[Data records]
------
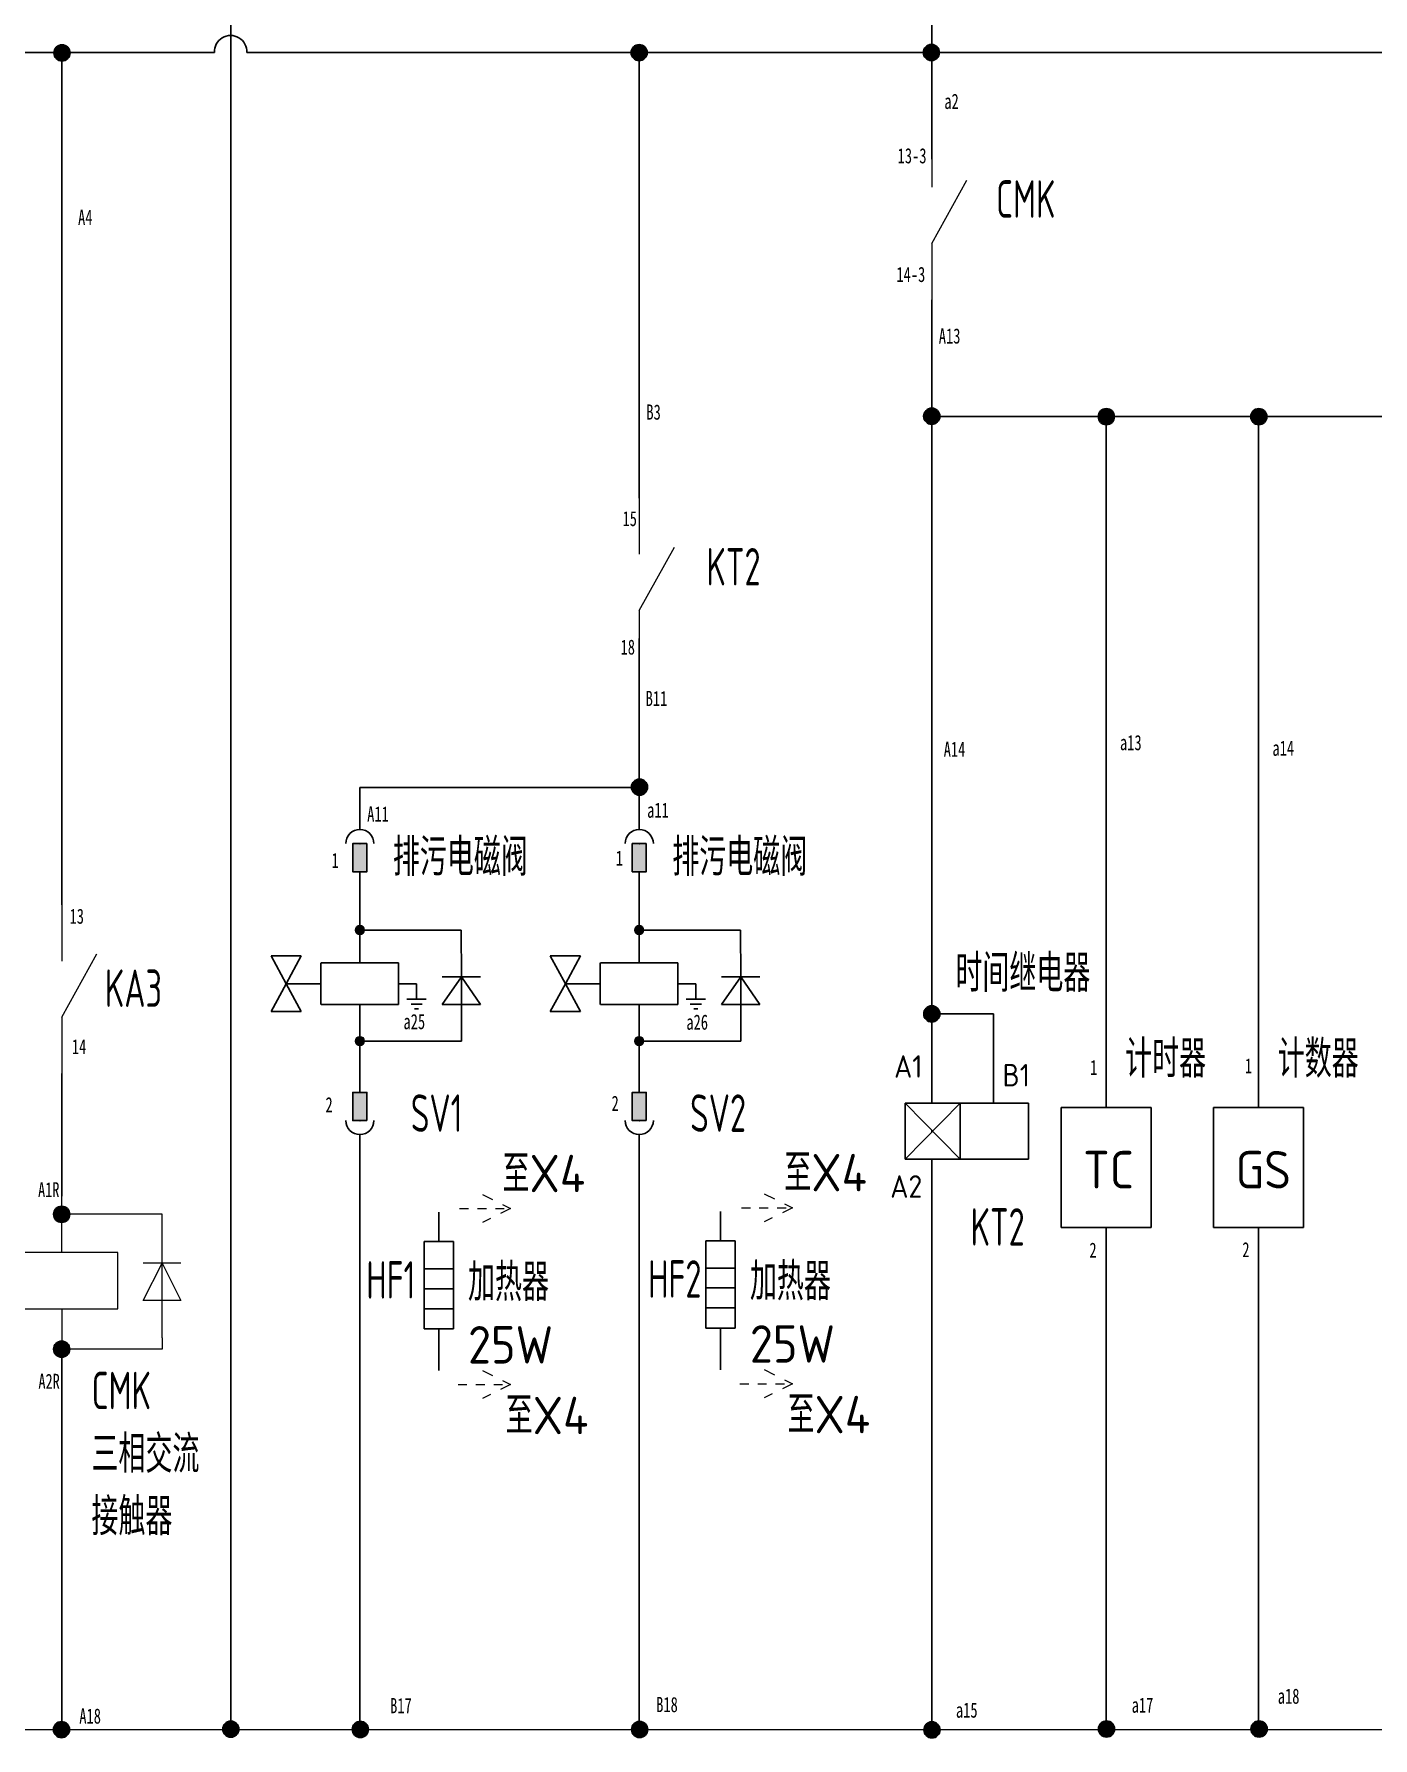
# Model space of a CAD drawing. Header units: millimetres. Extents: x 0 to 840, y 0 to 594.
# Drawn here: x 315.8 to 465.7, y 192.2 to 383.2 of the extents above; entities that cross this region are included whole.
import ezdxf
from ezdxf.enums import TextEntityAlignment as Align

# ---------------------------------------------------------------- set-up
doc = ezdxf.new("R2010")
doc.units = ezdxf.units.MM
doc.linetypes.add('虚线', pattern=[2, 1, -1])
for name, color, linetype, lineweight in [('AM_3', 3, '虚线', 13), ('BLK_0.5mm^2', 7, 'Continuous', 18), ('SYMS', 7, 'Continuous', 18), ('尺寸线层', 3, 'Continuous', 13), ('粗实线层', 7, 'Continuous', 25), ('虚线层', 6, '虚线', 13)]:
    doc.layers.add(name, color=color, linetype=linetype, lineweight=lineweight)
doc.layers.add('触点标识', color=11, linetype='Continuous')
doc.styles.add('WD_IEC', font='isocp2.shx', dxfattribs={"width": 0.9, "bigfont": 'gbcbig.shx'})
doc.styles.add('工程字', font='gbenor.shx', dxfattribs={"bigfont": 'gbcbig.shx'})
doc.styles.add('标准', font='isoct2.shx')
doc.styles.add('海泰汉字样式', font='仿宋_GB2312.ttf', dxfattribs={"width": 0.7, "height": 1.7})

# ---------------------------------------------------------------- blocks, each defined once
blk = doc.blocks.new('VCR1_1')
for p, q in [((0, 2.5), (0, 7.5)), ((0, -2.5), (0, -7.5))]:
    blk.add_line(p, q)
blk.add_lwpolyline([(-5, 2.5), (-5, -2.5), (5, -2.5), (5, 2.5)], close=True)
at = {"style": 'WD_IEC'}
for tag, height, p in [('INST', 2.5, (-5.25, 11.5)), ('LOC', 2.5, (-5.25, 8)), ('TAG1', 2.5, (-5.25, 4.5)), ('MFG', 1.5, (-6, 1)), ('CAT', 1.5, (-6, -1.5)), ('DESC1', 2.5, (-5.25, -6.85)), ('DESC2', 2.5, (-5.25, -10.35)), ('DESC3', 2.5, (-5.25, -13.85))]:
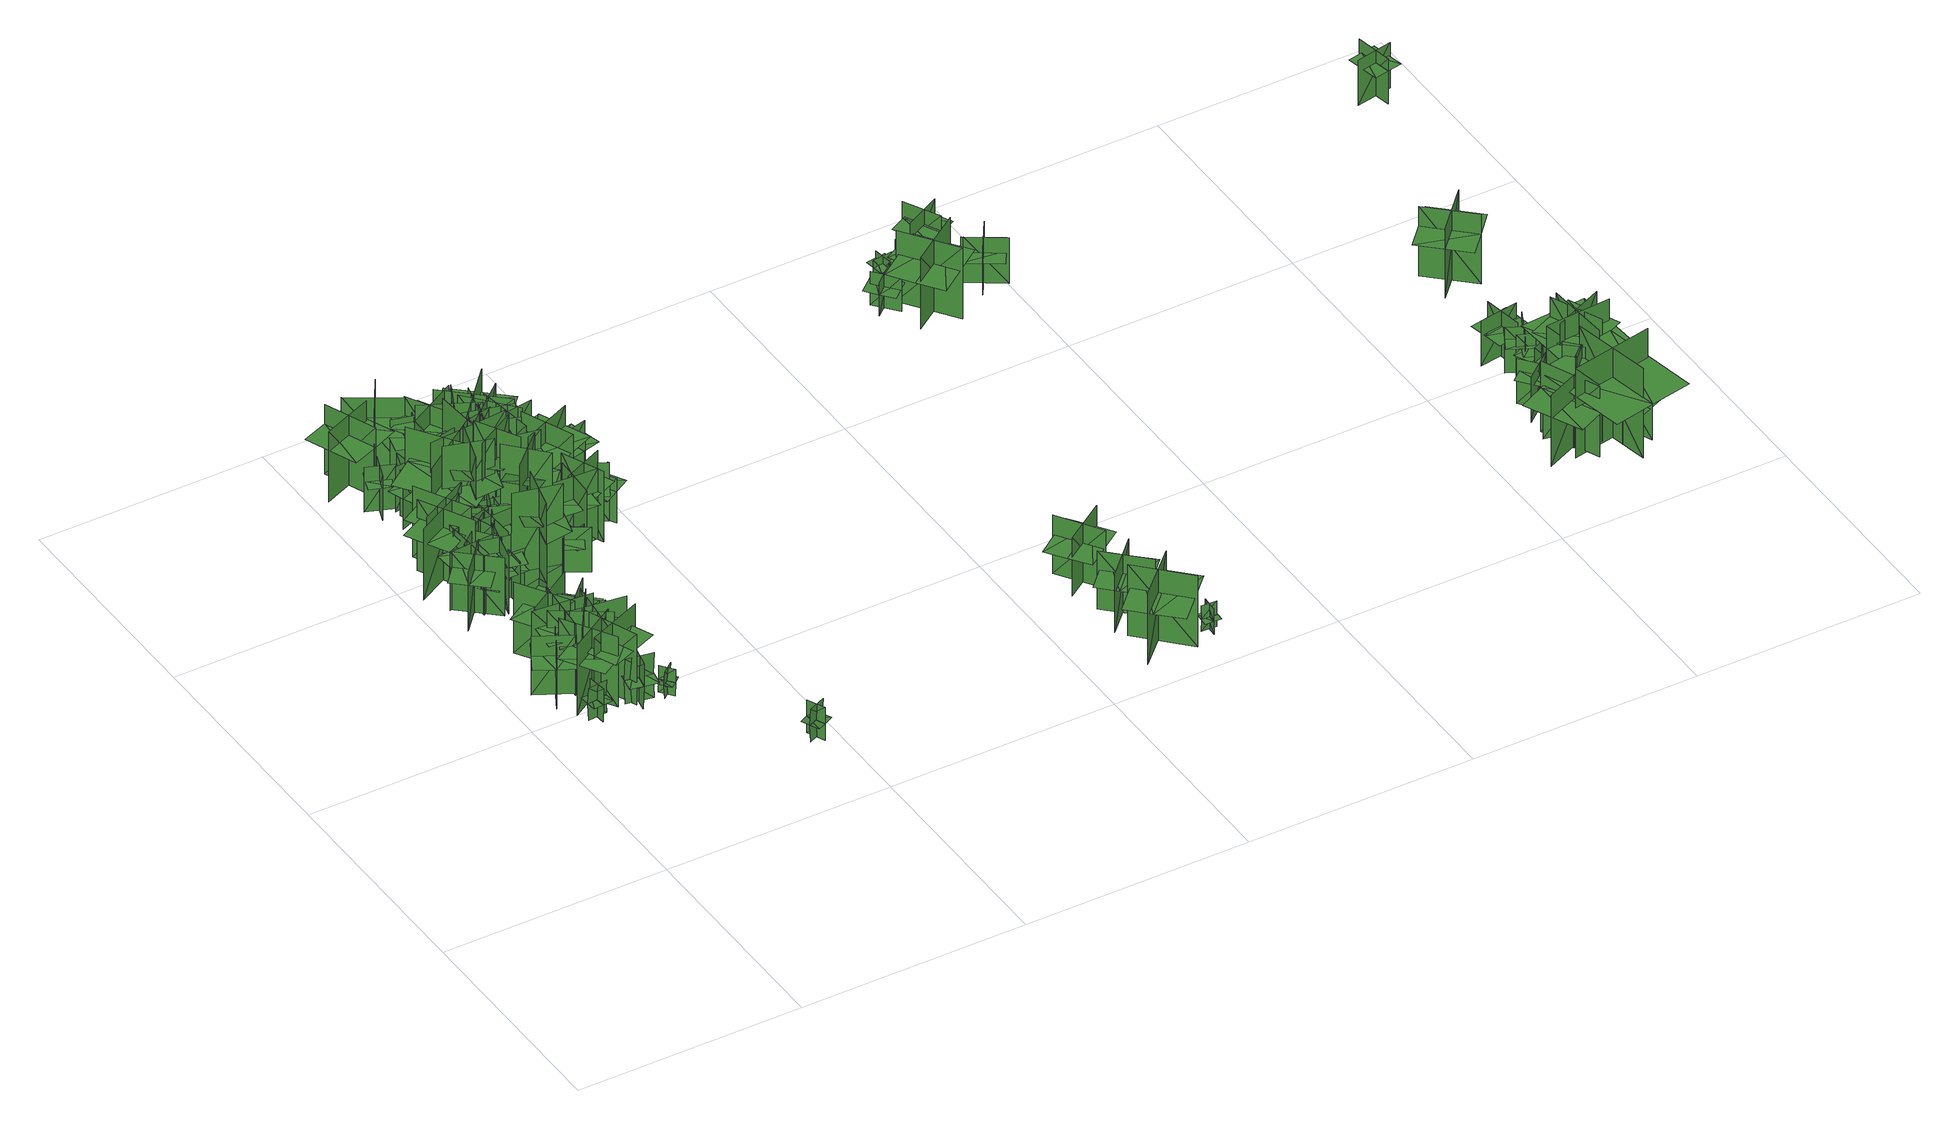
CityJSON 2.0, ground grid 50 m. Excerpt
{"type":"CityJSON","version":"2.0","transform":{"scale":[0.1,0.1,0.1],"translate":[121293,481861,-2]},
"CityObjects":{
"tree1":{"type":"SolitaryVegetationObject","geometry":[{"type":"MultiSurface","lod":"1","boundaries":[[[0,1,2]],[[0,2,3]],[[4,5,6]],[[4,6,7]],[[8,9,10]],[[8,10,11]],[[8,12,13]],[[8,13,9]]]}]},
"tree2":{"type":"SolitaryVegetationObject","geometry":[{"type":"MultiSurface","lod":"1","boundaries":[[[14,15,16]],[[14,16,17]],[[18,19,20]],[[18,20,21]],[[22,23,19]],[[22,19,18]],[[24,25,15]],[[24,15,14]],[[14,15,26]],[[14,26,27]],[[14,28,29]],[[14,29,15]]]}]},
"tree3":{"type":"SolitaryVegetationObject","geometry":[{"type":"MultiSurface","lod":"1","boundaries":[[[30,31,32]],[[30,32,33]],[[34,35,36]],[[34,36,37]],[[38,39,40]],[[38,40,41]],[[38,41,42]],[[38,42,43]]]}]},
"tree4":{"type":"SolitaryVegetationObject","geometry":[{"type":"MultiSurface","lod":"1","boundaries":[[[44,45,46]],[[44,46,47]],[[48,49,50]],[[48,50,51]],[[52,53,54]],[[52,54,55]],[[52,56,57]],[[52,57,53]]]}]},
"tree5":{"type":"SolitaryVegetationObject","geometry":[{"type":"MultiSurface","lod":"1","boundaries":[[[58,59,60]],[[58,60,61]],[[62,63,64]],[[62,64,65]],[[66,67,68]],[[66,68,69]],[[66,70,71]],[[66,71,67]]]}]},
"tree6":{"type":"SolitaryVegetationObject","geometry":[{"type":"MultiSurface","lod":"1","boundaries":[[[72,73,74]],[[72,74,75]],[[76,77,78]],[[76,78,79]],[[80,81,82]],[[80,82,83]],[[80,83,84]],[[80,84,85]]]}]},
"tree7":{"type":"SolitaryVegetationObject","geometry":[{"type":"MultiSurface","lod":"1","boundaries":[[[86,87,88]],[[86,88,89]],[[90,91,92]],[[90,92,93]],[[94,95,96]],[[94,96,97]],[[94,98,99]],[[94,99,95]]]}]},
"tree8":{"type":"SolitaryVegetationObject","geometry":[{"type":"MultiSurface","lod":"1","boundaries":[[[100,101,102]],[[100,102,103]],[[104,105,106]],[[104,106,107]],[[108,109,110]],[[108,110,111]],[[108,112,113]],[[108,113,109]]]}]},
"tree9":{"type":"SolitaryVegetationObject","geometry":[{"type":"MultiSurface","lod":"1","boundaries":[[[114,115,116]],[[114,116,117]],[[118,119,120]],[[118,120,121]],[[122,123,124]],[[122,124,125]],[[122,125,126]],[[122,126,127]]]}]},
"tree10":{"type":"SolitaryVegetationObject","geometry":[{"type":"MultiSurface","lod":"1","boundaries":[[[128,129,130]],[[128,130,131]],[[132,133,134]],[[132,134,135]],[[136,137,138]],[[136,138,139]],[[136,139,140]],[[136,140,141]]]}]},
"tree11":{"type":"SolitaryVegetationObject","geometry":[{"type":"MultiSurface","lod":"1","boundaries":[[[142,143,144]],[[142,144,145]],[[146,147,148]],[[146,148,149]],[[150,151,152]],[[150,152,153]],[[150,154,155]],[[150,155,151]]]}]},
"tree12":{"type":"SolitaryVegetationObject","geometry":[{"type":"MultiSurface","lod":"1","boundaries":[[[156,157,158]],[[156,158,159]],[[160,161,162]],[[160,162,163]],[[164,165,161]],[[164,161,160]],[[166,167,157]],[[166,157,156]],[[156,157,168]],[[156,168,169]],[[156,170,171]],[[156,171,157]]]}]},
------
— Directions for this task —
Starting at the line above that contains "for tag, height, p", transcribe every line exactly through the line that contains "CityJSON 2.0, ground grid 50 m. Excerpt", including that last one, and skip the pictures.

— Exercise solution —
for tag, height, p in [('INST', 2.5, (-5.25, 11.5)), ('LOC', 2.5, (-5.25, 8)), ('TAG1', 2.5, (-5.25, 4.5)), ('MFG', 1.5, (-6, 1)), ('CAT', 1.5, (-6, -1.5)), ('DESC1', 2.5, (-5.25, -6.85)), ('DESC2', 2.5, (-5.25, -10.35)), ('DESC3', 2.5, (-5.25, -13.85))]:
CityJSON 2.0, ground grid 50 m. Excerpt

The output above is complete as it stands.